• **TASK TO CARRY OUT**
Each line from the start of the entries through the line that contains "PIC18F26K22-xSO, Package_SO:SOIC-28W_7.5x17.9mm_P1.27mm, symbol" should be output exactly, please.

• **Records from a data source**
>>>>

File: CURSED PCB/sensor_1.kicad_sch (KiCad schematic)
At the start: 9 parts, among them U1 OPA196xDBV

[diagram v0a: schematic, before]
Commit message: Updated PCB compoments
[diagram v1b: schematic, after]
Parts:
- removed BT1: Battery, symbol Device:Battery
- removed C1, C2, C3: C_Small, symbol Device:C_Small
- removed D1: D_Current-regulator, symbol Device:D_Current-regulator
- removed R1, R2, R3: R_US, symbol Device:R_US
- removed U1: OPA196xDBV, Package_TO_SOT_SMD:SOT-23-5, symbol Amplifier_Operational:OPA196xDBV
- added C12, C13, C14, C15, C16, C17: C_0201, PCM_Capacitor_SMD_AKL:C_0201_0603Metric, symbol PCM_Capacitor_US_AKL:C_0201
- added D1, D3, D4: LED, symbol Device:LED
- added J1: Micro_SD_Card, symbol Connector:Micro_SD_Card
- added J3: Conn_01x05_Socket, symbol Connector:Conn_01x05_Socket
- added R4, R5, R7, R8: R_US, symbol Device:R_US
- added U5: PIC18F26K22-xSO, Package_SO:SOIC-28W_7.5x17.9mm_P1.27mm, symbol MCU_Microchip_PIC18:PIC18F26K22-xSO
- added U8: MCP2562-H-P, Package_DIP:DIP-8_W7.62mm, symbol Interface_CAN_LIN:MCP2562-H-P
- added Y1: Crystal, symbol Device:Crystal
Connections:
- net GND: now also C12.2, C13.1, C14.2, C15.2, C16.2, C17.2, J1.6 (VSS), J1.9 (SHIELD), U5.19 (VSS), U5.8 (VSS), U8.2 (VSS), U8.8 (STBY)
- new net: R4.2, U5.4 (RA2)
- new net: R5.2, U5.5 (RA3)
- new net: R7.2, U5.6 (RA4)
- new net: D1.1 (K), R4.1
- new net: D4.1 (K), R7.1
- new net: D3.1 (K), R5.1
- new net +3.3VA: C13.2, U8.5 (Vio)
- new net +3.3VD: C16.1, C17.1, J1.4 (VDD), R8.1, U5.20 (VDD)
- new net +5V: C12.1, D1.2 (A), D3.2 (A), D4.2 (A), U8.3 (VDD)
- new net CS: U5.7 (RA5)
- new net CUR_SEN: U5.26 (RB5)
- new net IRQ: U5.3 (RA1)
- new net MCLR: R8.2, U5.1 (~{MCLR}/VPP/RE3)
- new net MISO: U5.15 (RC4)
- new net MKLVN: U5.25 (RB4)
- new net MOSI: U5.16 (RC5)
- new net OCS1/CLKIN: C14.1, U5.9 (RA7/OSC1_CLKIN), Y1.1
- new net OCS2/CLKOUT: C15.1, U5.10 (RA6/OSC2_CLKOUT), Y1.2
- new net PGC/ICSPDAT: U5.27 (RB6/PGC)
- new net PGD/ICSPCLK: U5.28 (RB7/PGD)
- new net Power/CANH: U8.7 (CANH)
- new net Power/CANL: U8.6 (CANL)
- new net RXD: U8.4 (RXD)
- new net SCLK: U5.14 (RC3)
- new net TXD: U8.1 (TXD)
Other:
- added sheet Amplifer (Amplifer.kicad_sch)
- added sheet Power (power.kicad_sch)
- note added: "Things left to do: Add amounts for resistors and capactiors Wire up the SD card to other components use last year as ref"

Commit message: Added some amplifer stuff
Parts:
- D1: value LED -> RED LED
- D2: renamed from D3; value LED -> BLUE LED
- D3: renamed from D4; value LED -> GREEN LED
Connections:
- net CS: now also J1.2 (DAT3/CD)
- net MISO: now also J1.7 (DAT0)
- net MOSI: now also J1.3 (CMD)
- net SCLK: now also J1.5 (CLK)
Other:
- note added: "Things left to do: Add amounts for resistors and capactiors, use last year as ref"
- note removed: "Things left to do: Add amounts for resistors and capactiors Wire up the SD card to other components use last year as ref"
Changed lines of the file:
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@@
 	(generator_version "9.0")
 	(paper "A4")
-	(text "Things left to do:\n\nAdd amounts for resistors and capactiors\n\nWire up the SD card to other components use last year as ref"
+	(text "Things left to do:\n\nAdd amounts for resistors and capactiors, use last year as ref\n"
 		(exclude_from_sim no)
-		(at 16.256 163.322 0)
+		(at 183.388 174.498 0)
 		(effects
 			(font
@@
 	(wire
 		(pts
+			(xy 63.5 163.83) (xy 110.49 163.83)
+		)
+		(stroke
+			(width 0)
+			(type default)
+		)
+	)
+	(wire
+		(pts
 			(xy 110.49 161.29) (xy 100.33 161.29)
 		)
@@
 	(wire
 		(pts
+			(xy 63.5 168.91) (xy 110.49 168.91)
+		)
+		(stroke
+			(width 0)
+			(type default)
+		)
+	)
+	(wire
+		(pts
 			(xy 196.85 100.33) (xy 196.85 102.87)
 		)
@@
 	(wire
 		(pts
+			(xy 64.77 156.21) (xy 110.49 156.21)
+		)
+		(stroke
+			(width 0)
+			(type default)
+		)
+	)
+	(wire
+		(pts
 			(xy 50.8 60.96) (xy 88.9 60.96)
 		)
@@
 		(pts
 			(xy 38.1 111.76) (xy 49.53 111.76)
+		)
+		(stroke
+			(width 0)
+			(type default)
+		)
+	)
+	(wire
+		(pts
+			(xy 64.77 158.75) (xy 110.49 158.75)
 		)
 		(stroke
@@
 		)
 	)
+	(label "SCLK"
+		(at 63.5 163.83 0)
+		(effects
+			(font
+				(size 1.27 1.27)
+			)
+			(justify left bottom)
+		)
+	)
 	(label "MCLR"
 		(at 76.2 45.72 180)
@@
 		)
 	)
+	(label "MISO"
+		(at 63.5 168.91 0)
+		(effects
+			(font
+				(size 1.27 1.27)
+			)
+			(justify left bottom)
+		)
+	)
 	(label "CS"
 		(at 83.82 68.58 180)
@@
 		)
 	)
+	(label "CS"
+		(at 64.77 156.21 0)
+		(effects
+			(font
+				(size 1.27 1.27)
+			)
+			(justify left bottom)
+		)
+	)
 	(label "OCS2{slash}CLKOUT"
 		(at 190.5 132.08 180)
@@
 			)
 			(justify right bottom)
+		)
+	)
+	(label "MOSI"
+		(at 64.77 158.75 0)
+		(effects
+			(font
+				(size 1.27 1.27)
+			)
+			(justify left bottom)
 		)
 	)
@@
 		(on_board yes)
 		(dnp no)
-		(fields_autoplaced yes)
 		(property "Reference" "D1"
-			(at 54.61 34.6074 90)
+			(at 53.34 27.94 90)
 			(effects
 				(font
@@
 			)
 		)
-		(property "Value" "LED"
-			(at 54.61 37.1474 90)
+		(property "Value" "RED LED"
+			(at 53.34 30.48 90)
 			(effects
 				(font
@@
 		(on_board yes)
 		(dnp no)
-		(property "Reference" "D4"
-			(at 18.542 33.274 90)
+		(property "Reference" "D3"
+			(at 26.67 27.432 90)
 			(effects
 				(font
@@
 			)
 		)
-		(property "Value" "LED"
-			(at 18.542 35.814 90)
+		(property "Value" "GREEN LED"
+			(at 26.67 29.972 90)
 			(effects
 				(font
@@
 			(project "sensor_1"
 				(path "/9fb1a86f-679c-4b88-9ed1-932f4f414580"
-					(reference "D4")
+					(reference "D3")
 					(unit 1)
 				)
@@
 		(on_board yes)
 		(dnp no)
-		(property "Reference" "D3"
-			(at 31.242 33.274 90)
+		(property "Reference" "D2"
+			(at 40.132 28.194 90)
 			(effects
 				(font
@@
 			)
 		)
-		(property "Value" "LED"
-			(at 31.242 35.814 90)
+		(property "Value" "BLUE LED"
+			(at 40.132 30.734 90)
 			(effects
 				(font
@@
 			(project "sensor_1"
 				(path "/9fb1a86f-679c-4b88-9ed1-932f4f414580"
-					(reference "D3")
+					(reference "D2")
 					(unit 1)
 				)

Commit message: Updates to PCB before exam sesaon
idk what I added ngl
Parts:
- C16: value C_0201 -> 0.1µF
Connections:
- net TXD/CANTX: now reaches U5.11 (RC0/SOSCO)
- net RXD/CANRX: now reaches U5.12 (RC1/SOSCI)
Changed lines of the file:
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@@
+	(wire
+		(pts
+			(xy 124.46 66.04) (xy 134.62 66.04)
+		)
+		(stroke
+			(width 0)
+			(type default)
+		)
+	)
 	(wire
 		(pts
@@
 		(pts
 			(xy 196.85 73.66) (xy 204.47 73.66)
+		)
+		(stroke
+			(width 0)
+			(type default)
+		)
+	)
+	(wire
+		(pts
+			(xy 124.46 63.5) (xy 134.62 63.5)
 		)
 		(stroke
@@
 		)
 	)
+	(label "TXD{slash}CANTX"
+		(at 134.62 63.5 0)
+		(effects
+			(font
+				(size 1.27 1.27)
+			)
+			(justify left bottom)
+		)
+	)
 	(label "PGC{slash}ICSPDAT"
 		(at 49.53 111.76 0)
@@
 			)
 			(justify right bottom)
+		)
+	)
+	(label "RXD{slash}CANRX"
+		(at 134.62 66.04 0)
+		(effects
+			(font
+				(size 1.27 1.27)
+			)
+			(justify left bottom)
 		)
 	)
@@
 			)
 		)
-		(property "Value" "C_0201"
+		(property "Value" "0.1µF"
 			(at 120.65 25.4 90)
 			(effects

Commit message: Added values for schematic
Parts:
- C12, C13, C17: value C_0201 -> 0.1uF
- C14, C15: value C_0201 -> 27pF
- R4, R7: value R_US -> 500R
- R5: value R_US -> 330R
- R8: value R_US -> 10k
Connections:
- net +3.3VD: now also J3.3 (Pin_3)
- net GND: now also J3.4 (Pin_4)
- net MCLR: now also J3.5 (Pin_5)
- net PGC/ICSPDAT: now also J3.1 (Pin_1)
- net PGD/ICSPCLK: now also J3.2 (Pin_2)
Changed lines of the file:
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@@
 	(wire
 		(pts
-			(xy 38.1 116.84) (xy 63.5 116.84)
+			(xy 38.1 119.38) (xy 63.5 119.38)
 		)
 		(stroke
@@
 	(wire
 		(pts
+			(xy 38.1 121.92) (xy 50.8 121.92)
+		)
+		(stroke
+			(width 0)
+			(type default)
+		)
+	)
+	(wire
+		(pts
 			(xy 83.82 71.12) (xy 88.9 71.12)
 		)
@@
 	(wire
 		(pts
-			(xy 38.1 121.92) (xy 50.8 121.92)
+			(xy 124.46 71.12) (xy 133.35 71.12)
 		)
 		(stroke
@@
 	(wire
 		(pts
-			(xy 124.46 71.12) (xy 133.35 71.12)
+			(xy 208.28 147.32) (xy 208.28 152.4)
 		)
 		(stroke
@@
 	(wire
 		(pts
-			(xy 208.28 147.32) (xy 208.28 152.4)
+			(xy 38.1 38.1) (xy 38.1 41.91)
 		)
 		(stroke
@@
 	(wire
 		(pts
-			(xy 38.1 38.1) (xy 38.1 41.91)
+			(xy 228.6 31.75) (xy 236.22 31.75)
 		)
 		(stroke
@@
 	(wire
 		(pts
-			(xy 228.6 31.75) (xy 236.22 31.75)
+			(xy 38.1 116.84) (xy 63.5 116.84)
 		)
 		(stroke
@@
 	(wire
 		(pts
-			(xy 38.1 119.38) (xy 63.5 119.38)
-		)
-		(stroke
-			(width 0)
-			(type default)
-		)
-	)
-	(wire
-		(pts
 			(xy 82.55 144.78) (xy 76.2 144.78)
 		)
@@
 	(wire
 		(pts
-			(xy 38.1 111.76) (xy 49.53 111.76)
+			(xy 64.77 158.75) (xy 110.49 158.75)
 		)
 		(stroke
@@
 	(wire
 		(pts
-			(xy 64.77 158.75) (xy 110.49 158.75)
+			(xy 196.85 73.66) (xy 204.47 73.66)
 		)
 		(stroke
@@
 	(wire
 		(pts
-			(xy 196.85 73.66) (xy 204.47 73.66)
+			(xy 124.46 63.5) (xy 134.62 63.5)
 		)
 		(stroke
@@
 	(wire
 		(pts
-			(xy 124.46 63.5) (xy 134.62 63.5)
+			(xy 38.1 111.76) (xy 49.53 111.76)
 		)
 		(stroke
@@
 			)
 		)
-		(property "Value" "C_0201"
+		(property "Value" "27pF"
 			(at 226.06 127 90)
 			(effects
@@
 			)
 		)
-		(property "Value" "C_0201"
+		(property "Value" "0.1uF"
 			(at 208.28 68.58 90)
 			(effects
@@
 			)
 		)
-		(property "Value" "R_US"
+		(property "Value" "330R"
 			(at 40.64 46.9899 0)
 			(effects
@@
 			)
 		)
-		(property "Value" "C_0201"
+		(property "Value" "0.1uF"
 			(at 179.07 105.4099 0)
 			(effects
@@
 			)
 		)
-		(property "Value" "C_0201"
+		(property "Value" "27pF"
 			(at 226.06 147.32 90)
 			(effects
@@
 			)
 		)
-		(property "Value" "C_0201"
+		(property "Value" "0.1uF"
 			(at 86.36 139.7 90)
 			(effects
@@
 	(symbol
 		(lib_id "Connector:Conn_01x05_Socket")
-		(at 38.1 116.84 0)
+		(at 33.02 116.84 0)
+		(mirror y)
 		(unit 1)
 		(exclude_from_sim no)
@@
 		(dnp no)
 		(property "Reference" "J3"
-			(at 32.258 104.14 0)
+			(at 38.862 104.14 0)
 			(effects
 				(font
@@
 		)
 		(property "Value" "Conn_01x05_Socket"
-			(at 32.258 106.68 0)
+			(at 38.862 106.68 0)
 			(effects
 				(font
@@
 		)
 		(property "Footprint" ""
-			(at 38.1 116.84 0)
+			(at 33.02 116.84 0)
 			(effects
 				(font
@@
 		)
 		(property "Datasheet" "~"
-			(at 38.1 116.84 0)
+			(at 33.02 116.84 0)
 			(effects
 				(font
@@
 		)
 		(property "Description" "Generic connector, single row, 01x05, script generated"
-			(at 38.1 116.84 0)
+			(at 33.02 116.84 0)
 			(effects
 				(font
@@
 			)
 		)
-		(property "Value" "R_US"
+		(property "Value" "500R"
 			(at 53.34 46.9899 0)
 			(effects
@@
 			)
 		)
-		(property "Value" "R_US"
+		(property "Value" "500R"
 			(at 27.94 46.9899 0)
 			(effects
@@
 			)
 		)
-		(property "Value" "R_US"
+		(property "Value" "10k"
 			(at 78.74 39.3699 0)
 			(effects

<<<<

• **EXPECTED ANSWER**
File: CURSED PCB/sensor_1.kicad_sch (KiCad schematic)
At the start: 9 parts, among them U1 OPA196xDBV

[diagram v0a: schematic, before]
Commit message: Updated PCB compoments
[diagram v1b: schematic, after]
Parts:
- removed BT1: Battery, symbol Device:Battery
- removed C1, C2, C3: C_Small, symbol Device:C_Small
- removed D1: D_Current-regulator, symbol Device:D_Current-regulator
- removed R1, R2, R3: R_US, symbol Device:R_US
- removed U1: OPA196xDBV, Package_TO_SOT_SMD:SOT-23-5, symbol Amplifier_Operational:OPA196xDBV
- added C12, C13, C14, C15, C16, C17: C_0201, PCM_Capacitor_SMD_AKL:C_0201_0603Metric, symbol PCM_Capacitor_US_AKL:C_0201
- added D1, D3, D4: LED, symbol Device:LED
- added J1: Micro_SD_Card, symbol Connector:Micro_SD_Card
- added J3: Conn_01x05_Socket, symbol Connector:Conn_01x05_Socket
- added R4, R5, R7, R8: R_US, symbol Device:R_US
- added U5: PIC18F26K22-xSO, Package_SO:SOIC-28W_7.5x17.9mm_P1.27mm, symbol MCU_Microchip_PIC18:PIC18F26K22-xSO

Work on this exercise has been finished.